Instructions for the task: Exactly the lines from the start of the data below through the line containing "line L3 (-65.7365, -49.6019)" must be returned, and no others.

Dataset excerpts:
----------

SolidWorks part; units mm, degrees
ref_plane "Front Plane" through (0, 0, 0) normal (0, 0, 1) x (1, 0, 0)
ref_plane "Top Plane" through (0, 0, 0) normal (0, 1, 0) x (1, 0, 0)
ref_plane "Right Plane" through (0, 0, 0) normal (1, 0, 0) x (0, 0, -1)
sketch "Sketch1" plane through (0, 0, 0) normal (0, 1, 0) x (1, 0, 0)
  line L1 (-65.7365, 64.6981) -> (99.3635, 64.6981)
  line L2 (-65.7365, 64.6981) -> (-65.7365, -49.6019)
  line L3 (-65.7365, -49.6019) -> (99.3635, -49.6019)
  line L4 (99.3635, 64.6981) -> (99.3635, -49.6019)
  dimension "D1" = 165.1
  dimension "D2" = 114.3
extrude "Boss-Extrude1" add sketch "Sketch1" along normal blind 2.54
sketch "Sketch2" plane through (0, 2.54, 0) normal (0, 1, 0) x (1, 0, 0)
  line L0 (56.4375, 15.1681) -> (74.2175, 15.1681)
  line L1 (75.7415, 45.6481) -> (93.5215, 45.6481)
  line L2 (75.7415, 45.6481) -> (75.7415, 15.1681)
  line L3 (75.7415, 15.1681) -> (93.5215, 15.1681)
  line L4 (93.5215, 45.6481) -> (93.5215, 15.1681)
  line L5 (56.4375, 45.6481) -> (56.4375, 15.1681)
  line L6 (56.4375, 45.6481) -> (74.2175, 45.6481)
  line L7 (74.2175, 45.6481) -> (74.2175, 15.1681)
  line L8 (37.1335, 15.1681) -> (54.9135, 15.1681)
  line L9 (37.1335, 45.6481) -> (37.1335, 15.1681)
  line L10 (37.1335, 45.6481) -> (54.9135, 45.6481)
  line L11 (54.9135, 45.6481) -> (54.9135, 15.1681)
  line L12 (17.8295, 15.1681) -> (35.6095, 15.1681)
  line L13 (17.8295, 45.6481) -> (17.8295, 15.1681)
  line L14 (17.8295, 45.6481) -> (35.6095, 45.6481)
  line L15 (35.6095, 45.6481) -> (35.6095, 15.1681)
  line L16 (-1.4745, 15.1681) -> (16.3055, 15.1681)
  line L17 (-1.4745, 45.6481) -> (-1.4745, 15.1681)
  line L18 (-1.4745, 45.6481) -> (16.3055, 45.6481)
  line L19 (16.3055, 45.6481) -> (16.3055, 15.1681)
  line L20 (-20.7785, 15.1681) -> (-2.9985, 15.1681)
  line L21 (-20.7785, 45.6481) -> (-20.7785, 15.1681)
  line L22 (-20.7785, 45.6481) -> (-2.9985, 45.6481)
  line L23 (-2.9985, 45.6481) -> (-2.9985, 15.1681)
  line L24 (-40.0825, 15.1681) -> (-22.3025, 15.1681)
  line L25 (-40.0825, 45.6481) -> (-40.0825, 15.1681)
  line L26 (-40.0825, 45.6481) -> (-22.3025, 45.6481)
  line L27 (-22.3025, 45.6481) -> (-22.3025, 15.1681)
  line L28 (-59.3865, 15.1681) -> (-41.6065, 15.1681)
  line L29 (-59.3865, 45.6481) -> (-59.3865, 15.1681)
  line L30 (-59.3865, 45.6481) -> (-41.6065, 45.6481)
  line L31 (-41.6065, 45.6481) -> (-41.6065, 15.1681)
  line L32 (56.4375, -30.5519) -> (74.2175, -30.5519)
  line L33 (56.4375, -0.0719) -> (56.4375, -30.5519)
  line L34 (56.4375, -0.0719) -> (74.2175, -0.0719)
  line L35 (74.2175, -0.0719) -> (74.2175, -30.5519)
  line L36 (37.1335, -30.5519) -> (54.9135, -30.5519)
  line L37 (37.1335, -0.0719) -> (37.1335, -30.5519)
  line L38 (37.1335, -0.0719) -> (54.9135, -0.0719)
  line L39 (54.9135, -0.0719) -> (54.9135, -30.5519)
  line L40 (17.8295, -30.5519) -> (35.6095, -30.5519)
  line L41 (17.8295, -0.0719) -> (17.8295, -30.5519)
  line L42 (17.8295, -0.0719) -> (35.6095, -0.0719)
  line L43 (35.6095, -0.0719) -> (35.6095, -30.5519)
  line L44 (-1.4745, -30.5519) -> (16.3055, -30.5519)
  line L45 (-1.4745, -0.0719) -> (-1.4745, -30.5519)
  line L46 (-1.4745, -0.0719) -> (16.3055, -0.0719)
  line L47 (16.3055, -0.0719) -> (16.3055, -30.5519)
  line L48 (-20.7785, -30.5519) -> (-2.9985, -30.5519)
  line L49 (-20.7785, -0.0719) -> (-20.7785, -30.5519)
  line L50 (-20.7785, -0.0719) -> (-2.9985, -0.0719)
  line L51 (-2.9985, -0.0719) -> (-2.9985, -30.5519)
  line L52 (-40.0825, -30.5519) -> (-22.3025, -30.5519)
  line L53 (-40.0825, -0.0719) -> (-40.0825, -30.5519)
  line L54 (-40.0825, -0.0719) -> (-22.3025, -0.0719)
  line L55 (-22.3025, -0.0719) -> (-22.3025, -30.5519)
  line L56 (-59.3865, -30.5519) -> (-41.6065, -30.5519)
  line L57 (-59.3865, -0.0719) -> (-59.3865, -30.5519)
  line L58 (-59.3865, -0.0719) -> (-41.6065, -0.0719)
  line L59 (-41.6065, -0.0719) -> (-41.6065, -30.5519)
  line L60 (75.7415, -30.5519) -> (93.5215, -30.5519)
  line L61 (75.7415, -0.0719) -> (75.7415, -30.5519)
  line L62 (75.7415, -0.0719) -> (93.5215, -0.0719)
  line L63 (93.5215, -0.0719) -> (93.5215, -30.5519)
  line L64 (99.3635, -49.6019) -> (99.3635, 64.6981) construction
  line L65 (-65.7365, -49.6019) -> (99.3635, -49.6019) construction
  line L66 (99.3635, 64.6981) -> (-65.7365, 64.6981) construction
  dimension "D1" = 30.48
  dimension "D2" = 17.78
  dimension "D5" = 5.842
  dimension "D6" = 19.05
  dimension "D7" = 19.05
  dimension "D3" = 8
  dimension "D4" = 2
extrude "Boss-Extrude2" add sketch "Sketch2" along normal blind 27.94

----------

Response for this exercise:
SolidWorks part; units mm, degrees
ref_plane "Front Plane" through (0, 0, 0) normal (0, 0, 1) x (1, 0, 0)
ref_plane "Top Plane" through (0, 0, 0) normal (0, 1, 0) x (1, 0, 0)
ref_plane "Right Plane" through (0, 0, 0) normal (1, 0, 0) x (0, 0, -1)
sketch "Sketch1" plane through (0, 0, 0) normal (0, 1, 0) x (1, 0, 0)
  line L1 (-65.7365, 64.6981) -> (99.3635, 64.6981)
  line L2 (-65.7365, 64.6981) -> (-65.7365, -49.6019)
  line L3 (-65.7365, -49.6019) -> (99.3635, -49.6019)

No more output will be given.